• [Activity] Which of the lines in the data below contain the string "горизонтали"? Copy each of them.

Data records section start

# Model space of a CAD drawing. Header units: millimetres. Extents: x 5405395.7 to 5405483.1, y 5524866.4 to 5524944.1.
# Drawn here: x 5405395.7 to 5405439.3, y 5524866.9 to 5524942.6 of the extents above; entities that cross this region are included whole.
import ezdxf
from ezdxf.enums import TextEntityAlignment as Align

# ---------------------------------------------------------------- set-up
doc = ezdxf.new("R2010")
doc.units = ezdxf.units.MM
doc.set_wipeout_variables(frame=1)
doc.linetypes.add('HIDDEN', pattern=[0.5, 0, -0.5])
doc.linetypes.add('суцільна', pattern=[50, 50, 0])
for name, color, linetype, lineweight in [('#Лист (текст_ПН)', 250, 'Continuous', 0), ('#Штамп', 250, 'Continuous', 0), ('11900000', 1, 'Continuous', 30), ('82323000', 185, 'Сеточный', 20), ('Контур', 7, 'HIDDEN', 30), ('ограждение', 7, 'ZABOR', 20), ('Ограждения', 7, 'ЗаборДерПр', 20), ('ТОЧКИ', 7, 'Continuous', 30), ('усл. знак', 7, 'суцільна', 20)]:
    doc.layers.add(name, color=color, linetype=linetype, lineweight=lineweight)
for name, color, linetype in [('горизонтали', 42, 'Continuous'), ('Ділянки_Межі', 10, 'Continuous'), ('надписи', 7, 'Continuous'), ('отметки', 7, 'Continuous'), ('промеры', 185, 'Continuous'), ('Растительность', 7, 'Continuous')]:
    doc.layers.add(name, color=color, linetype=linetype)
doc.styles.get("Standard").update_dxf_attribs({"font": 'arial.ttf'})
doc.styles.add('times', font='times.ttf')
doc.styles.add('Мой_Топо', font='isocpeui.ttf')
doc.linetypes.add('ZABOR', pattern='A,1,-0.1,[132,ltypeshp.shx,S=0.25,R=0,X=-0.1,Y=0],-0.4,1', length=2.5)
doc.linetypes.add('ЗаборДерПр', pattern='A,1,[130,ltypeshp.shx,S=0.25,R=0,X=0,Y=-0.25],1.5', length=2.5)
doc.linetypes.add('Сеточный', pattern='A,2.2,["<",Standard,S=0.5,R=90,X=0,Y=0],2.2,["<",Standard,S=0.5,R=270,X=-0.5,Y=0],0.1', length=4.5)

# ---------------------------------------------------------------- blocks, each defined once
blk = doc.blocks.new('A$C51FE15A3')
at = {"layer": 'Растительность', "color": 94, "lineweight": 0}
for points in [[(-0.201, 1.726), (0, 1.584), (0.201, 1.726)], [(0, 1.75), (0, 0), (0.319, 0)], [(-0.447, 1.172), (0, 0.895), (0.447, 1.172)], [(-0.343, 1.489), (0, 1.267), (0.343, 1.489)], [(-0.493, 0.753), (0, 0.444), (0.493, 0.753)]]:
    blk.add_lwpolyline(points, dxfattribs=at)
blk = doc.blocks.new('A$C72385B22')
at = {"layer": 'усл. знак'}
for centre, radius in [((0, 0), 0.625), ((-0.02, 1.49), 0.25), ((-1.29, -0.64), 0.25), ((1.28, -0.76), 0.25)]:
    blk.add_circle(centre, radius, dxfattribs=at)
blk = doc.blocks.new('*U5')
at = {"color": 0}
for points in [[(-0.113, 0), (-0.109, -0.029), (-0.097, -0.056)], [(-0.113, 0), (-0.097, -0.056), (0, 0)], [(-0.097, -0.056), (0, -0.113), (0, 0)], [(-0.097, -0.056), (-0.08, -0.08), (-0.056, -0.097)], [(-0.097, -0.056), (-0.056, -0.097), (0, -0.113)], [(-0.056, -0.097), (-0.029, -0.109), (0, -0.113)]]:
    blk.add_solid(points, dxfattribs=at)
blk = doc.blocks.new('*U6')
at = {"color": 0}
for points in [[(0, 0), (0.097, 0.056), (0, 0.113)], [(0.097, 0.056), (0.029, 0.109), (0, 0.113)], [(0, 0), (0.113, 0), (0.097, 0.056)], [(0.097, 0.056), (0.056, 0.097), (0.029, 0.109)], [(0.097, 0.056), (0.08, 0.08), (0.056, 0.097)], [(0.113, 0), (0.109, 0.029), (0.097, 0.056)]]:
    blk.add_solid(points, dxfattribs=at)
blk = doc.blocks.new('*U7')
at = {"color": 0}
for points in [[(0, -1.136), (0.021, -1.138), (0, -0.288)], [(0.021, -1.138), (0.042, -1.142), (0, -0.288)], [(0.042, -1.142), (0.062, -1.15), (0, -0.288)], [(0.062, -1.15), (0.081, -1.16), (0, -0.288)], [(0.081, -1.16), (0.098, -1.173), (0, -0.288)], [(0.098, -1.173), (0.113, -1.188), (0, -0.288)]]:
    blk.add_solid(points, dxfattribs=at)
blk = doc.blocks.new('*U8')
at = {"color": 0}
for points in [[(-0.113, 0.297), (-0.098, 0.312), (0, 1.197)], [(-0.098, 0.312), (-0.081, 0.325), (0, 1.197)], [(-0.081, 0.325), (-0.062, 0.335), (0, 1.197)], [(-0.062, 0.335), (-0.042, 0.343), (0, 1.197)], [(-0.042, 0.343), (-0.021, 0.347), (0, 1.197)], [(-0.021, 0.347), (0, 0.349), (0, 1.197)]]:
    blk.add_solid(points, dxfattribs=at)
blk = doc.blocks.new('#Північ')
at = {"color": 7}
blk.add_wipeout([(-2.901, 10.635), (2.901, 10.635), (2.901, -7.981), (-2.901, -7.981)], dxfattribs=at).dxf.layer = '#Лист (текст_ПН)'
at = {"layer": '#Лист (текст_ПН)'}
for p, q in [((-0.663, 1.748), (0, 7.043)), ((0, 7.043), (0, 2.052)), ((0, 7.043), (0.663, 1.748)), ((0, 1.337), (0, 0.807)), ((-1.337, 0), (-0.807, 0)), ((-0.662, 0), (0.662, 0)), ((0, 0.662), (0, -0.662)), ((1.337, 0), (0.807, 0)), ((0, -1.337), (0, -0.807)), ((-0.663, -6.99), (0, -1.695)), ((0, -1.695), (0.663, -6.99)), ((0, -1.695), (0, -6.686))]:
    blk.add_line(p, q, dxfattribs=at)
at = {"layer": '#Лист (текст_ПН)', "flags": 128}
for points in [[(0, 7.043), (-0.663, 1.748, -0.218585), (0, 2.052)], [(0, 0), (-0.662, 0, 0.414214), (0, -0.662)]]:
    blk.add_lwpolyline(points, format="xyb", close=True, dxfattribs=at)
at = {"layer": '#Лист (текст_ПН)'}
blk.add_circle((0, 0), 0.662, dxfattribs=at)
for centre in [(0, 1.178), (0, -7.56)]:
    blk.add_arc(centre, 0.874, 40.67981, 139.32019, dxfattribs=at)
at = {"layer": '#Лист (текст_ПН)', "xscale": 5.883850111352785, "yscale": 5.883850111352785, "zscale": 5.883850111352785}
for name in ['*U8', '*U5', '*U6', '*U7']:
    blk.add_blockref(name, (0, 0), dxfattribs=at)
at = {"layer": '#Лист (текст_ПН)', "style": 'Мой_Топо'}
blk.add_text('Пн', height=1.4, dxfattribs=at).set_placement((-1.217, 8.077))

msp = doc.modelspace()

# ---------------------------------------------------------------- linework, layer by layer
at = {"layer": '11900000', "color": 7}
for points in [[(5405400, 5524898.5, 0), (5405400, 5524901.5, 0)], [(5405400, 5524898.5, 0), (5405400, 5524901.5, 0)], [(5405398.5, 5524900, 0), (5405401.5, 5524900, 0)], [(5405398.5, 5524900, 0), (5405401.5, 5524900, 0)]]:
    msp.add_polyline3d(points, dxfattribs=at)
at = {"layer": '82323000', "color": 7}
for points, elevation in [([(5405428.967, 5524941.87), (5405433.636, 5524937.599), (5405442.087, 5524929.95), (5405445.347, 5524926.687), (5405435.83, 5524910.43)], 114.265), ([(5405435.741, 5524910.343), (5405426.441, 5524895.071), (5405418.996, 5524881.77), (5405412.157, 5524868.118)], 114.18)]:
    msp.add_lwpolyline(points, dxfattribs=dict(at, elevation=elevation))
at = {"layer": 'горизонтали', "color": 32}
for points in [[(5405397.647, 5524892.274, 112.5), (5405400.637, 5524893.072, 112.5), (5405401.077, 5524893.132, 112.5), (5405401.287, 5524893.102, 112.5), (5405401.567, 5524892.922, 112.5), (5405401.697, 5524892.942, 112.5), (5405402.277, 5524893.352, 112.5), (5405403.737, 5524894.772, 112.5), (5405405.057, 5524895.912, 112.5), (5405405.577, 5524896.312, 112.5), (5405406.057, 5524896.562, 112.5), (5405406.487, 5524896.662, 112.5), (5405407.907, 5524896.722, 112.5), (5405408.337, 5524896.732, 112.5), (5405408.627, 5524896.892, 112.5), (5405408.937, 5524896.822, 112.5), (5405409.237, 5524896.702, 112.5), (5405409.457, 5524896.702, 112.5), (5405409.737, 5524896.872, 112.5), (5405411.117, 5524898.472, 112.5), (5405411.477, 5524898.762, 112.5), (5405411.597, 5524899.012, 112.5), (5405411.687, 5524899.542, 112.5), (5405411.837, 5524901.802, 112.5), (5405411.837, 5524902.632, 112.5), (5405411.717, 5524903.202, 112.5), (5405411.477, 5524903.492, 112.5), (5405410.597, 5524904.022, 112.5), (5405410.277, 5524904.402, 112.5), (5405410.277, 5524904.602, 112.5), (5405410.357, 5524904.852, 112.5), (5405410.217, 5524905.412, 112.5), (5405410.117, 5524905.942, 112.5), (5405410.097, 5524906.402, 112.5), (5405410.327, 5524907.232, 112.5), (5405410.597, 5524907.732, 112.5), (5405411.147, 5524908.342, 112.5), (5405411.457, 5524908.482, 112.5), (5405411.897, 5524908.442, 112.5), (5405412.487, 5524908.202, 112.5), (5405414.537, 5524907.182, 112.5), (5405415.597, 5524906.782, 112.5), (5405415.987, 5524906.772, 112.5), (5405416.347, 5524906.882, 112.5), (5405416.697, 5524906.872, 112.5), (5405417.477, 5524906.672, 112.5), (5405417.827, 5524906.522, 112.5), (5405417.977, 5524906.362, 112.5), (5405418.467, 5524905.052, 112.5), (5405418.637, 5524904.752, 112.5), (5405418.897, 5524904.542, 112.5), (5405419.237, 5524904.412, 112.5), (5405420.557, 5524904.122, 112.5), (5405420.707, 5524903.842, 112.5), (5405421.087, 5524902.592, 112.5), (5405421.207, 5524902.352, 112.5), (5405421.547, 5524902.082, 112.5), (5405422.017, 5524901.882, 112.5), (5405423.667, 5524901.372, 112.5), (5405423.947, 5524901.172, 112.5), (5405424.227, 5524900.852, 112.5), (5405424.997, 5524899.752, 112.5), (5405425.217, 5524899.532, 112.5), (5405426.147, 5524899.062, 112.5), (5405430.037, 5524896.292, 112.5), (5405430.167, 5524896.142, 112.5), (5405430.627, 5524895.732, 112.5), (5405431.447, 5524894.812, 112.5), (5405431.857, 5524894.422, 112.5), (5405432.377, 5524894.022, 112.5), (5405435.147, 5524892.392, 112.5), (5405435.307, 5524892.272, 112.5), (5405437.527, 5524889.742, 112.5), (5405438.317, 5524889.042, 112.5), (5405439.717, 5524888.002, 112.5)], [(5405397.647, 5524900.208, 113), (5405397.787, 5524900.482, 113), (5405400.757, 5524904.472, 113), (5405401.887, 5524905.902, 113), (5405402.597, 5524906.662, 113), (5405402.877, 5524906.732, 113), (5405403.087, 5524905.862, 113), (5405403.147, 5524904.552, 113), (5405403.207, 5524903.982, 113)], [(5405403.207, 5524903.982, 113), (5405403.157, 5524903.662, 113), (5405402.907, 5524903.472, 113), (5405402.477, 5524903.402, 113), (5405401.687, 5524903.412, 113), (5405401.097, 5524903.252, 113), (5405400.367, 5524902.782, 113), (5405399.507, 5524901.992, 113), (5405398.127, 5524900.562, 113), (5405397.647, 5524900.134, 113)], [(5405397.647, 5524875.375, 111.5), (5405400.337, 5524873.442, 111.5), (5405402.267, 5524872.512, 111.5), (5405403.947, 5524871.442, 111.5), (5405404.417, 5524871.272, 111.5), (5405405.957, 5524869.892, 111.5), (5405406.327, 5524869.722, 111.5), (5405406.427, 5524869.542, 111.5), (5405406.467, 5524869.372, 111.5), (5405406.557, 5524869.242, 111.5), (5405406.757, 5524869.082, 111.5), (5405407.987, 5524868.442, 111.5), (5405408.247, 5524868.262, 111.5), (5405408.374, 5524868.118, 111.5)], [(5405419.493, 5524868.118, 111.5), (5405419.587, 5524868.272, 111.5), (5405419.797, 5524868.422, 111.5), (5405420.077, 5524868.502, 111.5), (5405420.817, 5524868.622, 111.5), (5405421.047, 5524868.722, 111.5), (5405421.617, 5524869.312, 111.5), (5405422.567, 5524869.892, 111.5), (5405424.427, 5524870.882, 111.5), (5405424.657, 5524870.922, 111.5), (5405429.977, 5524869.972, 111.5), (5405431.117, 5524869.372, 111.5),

Data records section end

• [Solution to the exercise]
for name, color, linetype in [('горизонтали', 42, 'Continuous'), ('Ділянки_Межі', 10, 'Continuous'), ('надписи', 7, 'Continuous'), ('отметки', 7, 'Continuous'), ('промеры', 185, 'Continuous'), ('Растительность', 7, 'Continuous')]:
at = {"layer": 'горизонтали', "color": 32}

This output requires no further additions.